If the Api Key is attacker-controlled (e.g., via a compromised client or leak), and it flows into XPath without proper sanitization, an attacker can inject expressions such as ' or 1=1 or ' to alter predicate logic, or use path traversal to access unintended nodes. This becomes a critical issue when the XML document contains sensitive configuration or the XPath is used for authorization decisions. Note that this is distinct from SQL injection; here the risk is manipulation of document navigation and selection within an XML tree. Also note that Fastapi does not inherently process XPath; the danger comes from how the application code uses the Api Key in constructing queries against XML/HTML.

In a broader security context, middleBrick’s checks include Input Validation and Property Authorization to detect whether user-influenced data reaches dangerous sinks like XPath selectors. Even though middleBrick does not fix issues, it provides remediation guidance to help developers redesign the flow so that Api Key values are never concatenated into XPath expressions.

Api Keys-Specific Remediation in Fastapi — concrete code fixes

Remediation centers on ensuring Api Key values are treated as opaque identifiers and never interpolated into XPath expressions. Prefer parameterized selection or indirect mapping instead of constructing predicates from raw key values.

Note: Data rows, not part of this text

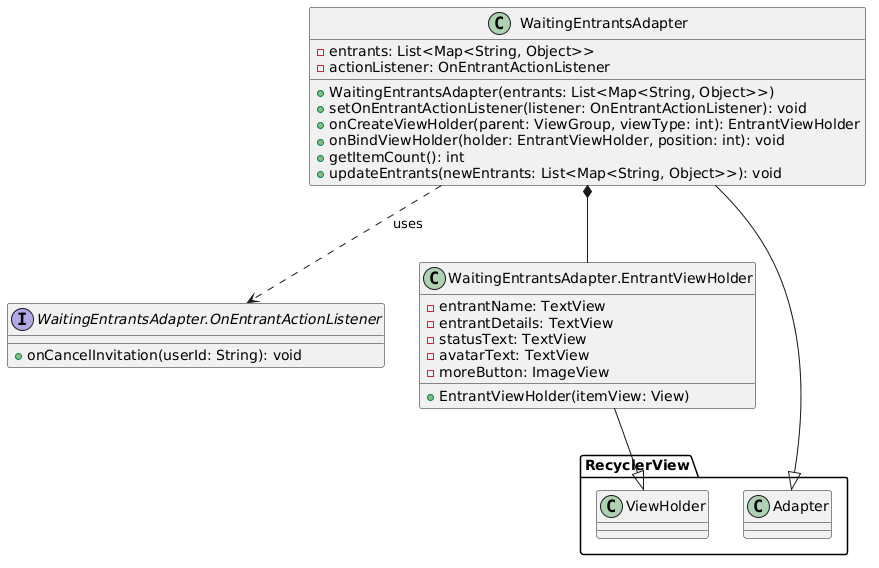

The diagram above was rendered by PlantUML. Its source (embedded in the PNG):
@startuml
class WaitingEntrantsAdapter {
  - entrants: List<Map<String, Object>>
  - actionListener: OnEntrantActionListener

  + WaitingEntrantsAdapter(entrants: List<Map<String, Object>>)
  + setOnEntrantActionListener(listener: OnEntrantActionListener): void
  + onCreateViewHolder(parent: ViewGroup, viewType: int): EntrantViewHolder
  + onBindViewHolder(holder: EntrantViewHolder, position: int): void
  + getItemCount(): int
  + updateEntrants(newEntrants: List<Map<String, Object>>): void
}

interface "WaitingEntrantsAdapter.OnEntrantActionListener" as OnEntrantActionListener {
  + onCancelInvitation(userId: String): void
}

class "WaitingEntrantsAdapter.EntrantViewHolder" as EntrantViewHolder {
  - entrantName: TextView
  - entrantDetails: TextView
  - statusText: TextView
  - avatarText: TextView
  - moreButton: ImageView

  + EntrantViewHolder(itemView: View)
}

WaitingEntrantsAdapter --|> RecyclerView.Adapter
EntrantViewHolder --|> RecyclerView.ViewHolder

WaitingEntrantsAdapter ..> OnEntrantActionListener : uses
WaitingEntrantsAdapter *-- EntrantViewHolder
@enduml

1) Use a mapping from key to validated identifier

Instead of using the raw Api Key in XPath, validate it against a known set and map it to a safe internal identifier (e.g., tenant ID). This avoids injection by design:

from fastapi import Fastapi, Header, HTTPException
import defusedxml.ElementTree as ET

app = Fastapi()

# Trusted mapping: in practice, load from secure configuration or database
TENANT_BY_KEY = {
    "ak_live_abc123": "tenant_alpha",
    "ak_live_def456": "tenant_beta",
}

def get_tenant_config(tenant_id: str):
    path = f"/data/{tenant_id}/config.xml"
    tree = ET.parse(path)
    root = tree.getroot()
    ns = {"t": "http://example.com/ns"}
    # Safe: tenant_id is validated and controlled, not user-injected
    nodes = root.findall(".//t:setting[@tenant='default']", namespaces=ns)
    return [elem.text for elem in nodes]

@app.get("/settings")
x_api_key: str = Header(...)
def settings(api_key: str = x_api_key):
    tenant_id = TENANT_BY_KEY.get(api_key)
    if tenant_id is None:
        raise HTTPException(status_code=401, detail="Invalid Api Key")
    return get_tenant_config(tenant_id)

2) Avoid XPath construction with user input; use parameterized APIs

Where possible, use ElementTree’s iteration or explicit element access rather than dynamic XPath with user input. If you must search, use predicates based on constants or validated IDs:

import defusedxml.ElementTree as ET

def find_setting_for_tenant(tenant_id: str):
    tree = ET.parse("/data/shared/config.xml")
    root = tree.getroot()
    ns = {"t": "http://example.com/ns"}
    # Iterate safely instead of injecting tenant_id into XPath
    for setting in root.findall(".//t:setting", namespaces=ns):
        if setting.get("tenant") == tenant_id:
            return setting.text
    return None

Additionally, ensure that Api Key handling follows secure patterns: transmit keys only over TLS, avoid logging them, and store them in environment variables or a secrets manager. In Fastapi, you can further reduce risk by using dependencies that validate keys against a backend service and reject malformed or suspicious values before they reach business logic.

middleBrick’s scans can highlight places where Api Key values might reach dangerous sinks. While it does not auto-fix, the findings include prioritized remediation guidance to help you refactor safely and align with OWASP API Security Top 10 and relevant compliance frameworks.

Frequently Asked Questions

Can Xpath Injection in Fastapi be detected by middleBrick even when Api Keys are involved?
Yes. middleBrick’s checks include Input Validation and Property Authorization, and it analyzes how Api Key-derived values reach execution sinks such as XPath selectors, providing findings with remediation guidance.
Does middleBrick fix Xpath Injection issues automatically?
No. middleBrick detects and reports issues, including those involving Api Keys in XPath contexts, and provides remediation guidance. It does not fix, patch, or block code.